> _SOURCE DATA_
*-*-*
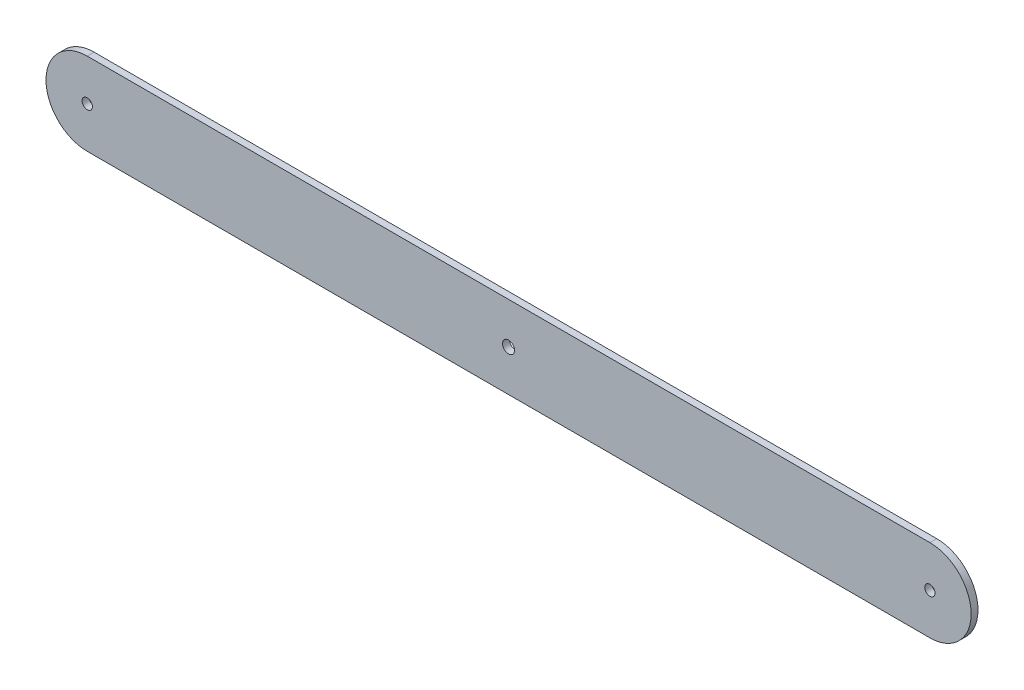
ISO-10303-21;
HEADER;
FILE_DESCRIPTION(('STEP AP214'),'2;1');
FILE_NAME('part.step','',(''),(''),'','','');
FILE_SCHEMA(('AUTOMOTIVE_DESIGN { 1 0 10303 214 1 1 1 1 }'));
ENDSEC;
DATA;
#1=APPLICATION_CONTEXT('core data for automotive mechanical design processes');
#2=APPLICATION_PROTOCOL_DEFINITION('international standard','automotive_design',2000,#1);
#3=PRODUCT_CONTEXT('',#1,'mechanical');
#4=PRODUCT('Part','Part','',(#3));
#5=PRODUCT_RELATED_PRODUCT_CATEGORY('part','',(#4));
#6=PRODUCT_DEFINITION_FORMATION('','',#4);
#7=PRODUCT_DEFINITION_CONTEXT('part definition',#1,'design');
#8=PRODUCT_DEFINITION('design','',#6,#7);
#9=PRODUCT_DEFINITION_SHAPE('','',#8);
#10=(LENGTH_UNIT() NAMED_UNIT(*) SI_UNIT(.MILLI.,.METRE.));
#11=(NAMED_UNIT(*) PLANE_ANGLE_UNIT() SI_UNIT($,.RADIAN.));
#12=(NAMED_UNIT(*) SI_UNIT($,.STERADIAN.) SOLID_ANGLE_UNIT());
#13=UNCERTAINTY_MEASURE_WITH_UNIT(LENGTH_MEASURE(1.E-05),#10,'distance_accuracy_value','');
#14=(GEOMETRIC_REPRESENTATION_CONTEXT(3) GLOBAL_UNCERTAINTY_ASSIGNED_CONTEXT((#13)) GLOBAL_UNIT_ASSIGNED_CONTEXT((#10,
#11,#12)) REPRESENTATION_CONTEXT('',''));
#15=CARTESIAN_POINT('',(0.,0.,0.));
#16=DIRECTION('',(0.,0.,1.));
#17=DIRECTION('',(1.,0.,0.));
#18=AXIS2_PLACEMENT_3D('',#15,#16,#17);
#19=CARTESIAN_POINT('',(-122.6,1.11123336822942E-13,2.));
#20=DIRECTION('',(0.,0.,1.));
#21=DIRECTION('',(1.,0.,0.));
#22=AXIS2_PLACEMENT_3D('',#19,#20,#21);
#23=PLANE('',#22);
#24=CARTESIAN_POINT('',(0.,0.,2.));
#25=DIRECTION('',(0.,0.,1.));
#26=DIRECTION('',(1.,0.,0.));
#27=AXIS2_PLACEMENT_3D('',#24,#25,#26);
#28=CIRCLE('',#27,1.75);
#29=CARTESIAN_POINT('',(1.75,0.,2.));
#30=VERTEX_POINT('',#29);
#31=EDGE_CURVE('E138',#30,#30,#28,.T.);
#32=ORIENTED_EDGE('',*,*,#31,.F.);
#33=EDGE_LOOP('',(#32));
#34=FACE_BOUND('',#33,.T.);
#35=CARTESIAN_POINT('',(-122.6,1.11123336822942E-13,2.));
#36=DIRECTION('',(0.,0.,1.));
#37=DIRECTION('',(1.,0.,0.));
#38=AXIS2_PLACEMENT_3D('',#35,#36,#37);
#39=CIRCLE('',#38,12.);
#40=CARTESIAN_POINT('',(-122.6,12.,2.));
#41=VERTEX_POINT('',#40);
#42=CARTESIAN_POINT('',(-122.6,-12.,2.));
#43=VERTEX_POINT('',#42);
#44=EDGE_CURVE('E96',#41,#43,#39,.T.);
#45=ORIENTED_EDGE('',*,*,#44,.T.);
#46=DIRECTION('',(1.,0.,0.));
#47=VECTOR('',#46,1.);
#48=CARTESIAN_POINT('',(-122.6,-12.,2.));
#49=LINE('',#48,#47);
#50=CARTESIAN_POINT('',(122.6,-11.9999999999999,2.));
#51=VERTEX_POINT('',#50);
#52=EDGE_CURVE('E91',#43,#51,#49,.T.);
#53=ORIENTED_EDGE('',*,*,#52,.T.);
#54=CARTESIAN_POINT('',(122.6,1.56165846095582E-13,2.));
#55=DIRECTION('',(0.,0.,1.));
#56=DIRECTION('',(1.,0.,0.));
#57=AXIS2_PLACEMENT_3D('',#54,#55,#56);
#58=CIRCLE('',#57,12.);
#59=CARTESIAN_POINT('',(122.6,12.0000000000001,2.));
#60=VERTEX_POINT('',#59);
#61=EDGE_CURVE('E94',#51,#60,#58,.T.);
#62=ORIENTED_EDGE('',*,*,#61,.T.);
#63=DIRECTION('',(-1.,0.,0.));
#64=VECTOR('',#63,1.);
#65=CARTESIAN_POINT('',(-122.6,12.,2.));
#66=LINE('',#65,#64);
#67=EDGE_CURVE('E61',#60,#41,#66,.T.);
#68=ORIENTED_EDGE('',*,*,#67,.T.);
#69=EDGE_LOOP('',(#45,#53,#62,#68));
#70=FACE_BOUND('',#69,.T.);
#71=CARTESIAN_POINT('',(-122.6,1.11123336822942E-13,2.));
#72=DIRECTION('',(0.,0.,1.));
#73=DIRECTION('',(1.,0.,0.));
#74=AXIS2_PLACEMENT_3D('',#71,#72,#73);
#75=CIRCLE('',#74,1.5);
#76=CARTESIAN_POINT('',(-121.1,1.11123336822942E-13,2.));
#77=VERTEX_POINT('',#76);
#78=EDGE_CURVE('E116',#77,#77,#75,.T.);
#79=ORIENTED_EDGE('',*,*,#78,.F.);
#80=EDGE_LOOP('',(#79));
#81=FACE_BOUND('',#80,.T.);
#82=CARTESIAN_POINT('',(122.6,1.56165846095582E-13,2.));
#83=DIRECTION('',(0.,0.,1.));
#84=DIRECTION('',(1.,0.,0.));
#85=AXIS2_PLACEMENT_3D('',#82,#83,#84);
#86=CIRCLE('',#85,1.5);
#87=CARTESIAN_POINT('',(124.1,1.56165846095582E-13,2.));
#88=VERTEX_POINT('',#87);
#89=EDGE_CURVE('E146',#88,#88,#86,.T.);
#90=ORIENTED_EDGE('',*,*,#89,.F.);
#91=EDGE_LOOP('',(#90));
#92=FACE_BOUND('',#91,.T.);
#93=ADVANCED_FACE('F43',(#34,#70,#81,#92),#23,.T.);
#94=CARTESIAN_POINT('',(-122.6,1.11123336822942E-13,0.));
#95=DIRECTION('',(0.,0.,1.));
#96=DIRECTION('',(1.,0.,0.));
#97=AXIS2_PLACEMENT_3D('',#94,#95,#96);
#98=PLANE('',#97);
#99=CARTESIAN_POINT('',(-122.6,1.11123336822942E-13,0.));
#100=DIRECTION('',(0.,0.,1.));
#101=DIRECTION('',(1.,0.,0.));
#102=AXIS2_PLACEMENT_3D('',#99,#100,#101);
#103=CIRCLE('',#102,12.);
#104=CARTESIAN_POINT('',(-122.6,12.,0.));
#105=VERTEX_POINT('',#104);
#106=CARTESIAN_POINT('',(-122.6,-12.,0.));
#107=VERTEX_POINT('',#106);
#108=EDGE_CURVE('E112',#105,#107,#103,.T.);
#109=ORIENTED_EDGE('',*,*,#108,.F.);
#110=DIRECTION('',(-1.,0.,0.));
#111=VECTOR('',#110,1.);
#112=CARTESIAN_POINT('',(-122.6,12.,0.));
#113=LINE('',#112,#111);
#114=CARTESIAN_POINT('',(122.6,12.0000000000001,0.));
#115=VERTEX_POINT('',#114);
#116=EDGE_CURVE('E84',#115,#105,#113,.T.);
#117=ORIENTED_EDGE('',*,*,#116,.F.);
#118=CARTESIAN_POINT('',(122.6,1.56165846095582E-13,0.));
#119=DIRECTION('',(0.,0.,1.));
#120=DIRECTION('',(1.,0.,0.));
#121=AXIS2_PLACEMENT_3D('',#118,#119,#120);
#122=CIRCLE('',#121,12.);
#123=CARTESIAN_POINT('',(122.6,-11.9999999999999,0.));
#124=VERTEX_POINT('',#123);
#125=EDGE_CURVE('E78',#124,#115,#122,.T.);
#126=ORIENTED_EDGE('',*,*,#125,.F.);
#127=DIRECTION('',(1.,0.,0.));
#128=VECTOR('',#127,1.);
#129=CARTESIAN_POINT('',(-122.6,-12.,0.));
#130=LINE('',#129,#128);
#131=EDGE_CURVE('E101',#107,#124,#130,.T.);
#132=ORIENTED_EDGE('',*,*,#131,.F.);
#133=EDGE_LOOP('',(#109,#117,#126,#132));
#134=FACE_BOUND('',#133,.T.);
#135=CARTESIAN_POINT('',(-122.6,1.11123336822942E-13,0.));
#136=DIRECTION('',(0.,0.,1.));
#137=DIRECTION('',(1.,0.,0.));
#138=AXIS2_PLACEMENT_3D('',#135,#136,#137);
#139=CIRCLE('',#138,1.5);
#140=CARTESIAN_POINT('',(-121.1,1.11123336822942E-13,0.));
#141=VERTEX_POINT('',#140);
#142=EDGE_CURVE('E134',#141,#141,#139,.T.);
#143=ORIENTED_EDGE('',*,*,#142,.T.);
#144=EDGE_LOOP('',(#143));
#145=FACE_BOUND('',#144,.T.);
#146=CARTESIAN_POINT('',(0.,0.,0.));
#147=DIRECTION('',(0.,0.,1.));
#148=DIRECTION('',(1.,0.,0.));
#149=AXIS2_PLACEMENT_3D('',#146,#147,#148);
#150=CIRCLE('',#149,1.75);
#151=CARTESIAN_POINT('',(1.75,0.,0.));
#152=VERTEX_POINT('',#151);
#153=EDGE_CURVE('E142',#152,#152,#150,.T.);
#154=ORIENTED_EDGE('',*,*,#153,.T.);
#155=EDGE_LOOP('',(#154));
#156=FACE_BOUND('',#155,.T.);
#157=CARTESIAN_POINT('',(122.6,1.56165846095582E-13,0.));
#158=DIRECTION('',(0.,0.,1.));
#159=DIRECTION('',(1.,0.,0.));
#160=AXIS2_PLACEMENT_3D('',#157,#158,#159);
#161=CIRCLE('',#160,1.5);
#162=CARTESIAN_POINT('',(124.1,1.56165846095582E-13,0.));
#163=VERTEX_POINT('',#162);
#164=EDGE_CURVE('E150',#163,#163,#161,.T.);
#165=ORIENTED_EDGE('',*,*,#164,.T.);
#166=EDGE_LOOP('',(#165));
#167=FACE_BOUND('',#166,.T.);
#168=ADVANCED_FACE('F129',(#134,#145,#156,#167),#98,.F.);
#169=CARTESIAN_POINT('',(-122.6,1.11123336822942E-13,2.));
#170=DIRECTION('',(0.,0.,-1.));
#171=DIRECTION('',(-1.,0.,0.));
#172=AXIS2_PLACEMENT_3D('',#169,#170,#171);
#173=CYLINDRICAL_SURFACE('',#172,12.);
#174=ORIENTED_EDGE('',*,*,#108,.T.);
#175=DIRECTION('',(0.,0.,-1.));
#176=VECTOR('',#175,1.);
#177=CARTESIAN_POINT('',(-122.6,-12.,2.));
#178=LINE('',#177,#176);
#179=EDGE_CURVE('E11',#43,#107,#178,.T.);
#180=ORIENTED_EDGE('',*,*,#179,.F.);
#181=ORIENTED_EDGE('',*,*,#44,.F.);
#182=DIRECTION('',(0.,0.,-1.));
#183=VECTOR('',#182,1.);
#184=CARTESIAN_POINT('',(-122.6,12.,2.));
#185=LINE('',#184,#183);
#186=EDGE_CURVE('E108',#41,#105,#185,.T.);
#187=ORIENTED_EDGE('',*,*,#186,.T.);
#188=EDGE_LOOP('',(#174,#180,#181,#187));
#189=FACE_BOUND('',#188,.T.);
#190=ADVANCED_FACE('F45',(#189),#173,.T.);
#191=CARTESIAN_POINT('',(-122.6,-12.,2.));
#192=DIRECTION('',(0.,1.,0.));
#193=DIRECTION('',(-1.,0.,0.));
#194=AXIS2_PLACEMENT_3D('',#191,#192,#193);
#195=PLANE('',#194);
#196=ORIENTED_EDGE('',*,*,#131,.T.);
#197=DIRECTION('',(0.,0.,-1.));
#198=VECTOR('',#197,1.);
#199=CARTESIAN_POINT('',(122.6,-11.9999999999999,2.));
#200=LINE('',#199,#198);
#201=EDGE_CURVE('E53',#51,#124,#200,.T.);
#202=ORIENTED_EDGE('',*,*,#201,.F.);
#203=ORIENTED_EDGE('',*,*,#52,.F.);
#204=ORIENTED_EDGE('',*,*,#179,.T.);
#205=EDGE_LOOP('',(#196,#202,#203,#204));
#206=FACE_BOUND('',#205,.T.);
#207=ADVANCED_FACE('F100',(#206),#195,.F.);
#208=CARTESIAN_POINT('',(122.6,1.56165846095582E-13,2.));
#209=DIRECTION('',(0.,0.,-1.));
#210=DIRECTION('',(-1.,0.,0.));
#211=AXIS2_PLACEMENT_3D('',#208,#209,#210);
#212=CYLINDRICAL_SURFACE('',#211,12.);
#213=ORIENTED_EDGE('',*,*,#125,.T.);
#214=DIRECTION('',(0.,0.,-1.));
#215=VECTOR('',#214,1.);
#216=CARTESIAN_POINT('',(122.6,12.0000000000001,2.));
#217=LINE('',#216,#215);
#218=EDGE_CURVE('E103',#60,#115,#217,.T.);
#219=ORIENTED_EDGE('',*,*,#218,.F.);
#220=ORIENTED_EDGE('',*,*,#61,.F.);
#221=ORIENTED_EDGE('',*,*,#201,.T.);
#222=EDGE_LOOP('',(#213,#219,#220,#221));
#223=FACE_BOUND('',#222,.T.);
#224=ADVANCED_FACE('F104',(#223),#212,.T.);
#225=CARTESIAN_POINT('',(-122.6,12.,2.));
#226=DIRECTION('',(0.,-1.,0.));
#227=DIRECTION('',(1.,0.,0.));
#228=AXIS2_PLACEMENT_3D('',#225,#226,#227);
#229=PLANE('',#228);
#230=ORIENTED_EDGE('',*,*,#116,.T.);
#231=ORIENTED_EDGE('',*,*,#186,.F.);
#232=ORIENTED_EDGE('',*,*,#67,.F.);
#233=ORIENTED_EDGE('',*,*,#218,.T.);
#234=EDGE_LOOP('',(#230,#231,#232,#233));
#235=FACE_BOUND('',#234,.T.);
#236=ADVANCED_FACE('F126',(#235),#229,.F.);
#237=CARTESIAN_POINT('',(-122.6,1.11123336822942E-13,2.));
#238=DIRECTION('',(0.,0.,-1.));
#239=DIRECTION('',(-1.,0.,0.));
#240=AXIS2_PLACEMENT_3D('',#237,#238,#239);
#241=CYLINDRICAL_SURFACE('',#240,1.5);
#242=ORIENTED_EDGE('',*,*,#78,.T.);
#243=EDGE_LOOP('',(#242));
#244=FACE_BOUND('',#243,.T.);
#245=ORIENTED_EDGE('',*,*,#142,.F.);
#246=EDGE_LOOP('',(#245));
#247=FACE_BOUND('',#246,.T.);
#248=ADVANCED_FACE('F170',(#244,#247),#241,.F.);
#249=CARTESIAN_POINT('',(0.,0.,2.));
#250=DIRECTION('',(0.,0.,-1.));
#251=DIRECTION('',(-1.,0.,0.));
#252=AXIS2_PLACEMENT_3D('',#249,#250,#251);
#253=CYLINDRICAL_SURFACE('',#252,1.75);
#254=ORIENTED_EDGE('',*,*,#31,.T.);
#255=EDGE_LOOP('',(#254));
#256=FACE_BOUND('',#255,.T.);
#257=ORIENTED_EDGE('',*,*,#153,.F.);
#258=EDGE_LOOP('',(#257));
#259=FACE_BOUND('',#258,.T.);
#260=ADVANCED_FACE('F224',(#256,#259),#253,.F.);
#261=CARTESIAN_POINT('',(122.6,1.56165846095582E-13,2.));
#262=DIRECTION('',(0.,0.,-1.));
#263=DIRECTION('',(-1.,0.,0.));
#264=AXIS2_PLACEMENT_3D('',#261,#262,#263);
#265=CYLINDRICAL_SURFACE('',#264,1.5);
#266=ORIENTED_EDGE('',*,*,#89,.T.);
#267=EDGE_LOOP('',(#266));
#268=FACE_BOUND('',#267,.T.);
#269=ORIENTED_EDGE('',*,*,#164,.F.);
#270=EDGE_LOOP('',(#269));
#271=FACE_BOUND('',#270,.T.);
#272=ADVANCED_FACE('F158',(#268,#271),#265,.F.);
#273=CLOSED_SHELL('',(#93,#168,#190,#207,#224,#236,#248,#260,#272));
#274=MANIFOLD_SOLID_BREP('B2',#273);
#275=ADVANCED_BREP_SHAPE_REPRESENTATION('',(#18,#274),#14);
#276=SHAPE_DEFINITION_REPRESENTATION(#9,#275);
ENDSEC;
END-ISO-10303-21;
*-*-*
> _YOUR OBJECTIVE_
In the listing above, find the line with "#96=DIRECTION('',(1.,0.,0.));" and the line with "#106=CARTESIAN_POINT('',(-122.6,-12.,0.));", then reproduce both and every line between them exactly.

> _REPLY TO THE EXERCISE_
#96=DIRECTION('',(1.,0.,0.));
#97=AXIS2_PLACEMENT_3D('',#94,#95,#96);
#98=PLANE('',#97);
#99=CARTESIAN_POINT('',(-122.6,1.11123336822942E-13,0.));
#100=DIRECTION('',(0.,0.,1.));
#101=DIRECTION('',(1.,0.,0.));
#102=AXIS2_PLACEMENT_3D('',#99,#100,#101);
#103=CIRCLE('',#102,12.);
#104=CARTESIAN_POINT('',(-122.6,12.,0.));
#105=VERTEX_POINT('',#104);
#106=CARTESIAN_POINT('',(-122.6,-12.,0.));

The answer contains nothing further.